(Data supplied)

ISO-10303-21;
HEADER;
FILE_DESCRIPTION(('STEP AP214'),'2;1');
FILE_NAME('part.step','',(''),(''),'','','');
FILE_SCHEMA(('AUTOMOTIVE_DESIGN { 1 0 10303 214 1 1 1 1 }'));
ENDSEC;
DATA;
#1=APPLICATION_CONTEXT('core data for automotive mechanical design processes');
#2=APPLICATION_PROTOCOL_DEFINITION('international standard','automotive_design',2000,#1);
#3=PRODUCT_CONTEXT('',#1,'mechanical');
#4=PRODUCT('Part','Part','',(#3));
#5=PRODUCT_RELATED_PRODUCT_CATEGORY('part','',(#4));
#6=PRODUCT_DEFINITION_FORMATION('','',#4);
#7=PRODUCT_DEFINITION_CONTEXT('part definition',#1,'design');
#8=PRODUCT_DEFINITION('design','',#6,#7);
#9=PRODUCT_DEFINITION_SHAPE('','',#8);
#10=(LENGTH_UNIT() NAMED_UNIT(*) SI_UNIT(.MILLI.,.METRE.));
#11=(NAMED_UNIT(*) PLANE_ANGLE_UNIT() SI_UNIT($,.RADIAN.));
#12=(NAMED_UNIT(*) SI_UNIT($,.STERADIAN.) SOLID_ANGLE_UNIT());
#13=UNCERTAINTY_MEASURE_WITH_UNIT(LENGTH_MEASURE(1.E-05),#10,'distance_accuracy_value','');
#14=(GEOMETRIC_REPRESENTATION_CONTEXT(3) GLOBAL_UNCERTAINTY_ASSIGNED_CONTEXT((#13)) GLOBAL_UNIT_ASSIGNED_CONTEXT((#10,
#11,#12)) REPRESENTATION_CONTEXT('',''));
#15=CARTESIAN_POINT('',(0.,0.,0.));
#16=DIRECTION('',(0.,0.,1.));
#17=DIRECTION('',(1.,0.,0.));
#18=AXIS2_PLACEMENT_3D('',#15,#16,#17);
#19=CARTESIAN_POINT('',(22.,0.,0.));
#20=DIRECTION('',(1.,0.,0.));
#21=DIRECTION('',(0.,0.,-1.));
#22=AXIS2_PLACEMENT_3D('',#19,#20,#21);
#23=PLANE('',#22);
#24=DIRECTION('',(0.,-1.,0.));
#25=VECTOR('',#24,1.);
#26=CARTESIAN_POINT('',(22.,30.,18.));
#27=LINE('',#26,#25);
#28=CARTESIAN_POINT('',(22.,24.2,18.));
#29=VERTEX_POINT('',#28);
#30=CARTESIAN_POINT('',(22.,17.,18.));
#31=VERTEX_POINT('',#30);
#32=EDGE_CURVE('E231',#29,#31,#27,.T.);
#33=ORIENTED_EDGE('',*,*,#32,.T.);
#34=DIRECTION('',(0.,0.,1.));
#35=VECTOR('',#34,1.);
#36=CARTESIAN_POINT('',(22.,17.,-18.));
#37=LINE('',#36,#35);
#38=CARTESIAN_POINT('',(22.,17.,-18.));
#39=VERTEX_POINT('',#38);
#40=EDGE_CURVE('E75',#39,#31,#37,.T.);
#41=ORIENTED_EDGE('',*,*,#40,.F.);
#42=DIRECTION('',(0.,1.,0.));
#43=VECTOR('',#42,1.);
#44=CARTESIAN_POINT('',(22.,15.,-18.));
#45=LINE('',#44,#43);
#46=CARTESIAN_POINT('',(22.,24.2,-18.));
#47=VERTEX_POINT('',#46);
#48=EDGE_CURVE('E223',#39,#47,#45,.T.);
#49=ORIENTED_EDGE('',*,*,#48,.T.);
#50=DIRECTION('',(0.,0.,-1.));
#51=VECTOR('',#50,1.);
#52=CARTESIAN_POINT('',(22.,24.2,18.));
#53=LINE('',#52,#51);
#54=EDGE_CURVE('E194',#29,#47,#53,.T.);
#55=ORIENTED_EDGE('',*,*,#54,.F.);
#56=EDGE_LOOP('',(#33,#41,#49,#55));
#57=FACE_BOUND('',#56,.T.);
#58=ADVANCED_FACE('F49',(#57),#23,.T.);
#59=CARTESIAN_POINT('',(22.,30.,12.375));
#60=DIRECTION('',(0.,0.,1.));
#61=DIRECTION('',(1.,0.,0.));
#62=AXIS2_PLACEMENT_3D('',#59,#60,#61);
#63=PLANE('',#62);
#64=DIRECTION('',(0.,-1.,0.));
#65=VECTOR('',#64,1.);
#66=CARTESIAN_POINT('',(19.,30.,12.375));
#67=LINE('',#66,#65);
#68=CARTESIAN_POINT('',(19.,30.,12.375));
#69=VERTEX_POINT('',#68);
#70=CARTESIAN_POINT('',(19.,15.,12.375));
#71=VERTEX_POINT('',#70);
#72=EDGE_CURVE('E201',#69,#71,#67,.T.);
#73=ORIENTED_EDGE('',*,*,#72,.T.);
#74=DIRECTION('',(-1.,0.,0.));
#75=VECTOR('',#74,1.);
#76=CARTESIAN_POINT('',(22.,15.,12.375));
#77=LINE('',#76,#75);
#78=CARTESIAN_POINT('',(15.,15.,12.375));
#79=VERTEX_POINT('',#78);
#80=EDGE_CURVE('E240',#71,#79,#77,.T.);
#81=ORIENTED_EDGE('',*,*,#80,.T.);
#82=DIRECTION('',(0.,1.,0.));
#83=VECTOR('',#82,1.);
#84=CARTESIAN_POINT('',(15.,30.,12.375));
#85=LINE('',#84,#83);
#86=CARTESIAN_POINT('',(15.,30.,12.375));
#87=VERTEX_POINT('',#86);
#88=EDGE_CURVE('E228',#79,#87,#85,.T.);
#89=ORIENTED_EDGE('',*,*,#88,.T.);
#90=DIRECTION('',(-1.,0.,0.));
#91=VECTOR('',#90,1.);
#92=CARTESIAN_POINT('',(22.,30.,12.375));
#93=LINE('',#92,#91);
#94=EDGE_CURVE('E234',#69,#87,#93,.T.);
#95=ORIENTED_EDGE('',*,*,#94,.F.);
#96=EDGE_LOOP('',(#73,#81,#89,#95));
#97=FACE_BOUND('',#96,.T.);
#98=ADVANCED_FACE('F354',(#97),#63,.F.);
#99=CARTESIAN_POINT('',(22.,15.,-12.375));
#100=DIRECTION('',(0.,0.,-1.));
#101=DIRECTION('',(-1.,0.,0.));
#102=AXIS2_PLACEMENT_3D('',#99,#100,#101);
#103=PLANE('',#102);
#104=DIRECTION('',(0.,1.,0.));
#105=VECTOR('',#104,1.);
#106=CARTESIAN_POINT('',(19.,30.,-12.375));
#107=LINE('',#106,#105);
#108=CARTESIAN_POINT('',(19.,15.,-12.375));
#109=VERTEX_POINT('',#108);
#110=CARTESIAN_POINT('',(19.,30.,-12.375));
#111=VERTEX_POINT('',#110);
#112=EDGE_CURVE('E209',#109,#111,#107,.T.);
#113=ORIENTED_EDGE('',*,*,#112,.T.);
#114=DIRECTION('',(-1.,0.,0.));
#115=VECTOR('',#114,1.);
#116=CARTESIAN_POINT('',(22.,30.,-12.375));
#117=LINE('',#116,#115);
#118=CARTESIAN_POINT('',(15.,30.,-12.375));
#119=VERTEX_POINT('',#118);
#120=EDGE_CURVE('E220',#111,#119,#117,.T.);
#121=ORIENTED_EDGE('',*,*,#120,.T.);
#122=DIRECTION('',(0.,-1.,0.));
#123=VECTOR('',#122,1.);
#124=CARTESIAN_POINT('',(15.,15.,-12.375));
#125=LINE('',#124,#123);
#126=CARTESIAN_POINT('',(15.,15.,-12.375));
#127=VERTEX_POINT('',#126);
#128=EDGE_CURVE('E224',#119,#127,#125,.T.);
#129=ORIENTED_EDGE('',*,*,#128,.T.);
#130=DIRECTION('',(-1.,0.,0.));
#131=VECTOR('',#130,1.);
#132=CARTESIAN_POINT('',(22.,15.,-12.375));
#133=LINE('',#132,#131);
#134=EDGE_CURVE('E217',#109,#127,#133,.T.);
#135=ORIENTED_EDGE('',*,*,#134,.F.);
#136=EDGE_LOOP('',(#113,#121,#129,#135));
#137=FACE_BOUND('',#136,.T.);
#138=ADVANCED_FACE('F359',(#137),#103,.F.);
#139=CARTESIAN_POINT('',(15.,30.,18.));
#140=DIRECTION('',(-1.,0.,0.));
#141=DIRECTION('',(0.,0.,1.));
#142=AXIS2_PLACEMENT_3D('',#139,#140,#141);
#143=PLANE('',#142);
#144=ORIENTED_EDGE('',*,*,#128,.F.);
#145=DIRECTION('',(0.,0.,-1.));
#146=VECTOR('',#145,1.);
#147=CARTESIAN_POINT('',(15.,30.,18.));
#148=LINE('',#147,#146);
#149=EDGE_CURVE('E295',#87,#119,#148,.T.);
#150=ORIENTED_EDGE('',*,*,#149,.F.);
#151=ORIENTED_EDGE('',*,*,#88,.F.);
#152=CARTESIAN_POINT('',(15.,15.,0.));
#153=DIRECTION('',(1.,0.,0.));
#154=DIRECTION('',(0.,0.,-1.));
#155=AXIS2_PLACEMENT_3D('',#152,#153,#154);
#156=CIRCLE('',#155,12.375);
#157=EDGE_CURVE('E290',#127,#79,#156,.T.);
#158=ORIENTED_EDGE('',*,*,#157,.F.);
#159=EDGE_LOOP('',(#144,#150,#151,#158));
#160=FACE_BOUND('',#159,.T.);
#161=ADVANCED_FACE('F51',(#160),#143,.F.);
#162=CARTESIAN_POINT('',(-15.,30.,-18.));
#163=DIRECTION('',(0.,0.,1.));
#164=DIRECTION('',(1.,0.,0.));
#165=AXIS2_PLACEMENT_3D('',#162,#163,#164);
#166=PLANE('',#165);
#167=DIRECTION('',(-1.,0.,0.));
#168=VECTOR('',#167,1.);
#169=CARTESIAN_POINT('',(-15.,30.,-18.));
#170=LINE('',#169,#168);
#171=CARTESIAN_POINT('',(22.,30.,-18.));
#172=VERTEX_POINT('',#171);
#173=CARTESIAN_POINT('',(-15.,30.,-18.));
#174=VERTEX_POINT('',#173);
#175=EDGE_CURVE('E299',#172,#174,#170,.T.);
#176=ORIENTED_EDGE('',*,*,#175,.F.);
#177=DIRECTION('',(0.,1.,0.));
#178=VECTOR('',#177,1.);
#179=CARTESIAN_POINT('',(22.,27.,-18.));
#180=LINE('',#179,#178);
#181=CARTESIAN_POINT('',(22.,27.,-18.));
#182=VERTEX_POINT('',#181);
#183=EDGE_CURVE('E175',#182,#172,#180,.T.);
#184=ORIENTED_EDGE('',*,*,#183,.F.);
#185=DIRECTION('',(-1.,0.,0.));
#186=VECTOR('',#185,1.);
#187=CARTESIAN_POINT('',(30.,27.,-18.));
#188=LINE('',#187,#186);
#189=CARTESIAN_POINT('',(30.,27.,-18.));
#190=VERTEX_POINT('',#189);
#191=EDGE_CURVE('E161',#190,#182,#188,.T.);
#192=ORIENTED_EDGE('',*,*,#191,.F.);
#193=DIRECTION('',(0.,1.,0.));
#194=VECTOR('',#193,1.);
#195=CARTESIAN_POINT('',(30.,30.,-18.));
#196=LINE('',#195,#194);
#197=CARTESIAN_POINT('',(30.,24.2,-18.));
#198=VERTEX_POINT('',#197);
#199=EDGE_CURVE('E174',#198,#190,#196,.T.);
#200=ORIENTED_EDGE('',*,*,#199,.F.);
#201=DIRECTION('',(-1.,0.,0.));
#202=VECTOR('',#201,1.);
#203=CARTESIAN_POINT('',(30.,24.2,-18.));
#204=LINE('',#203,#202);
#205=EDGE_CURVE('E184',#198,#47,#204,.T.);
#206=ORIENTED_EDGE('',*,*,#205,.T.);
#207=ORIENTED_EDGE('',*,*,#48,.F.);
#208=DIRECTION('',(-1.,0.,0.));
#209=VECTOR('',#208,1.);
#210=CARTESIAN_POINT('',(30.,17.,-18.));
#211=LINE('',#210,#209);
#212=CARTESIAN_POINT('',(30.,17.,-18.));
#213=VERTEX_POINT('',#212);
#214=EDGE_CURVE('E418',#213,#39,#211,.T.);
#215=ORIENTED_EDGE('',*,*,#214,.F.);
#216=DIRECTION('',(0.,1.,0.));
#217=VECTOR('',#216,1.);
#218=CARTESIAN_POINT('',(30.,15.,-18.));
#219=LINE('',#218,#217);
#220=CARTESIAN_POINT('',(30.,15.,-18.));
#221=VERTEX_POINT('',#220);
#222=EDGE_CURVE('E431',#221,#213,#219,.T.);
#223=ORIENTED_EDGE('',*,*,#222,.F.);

(End Data supplied)

§ **What this task involves**
Among the records above, only the lines between the line holding "#49=ORIENTED_EDGE('',*,*,#48,.T.);" and the line holding "#58=ADVANCED_FACE('F49',(#57),#23,.T.);", inclusive, are to be output, exactly as written.

§ **Task answer**
#49=ORIENTED_EDGE('',*,*,#48,.T.);
#50=DIRECTION('',(0.,0.,-1.));
#51=VECTOR('',#50,1.);
#52=CARTESIAN_POINT('',(22.,24.2,18.));
#53=LINE('',#52,#51);
#54=EDGE_CURVE('E194',#29,#47,#53,.T.);
#55=ORIENTED_EDGE('',*,*,#54,.F.);
#56=EDGE_LOOP('',(#33,#41,#49,#55));
#57=FACE_BOUND('',#56,.T.);
#58=ADVANCED_FACE('F49',(#57),#23,.T.);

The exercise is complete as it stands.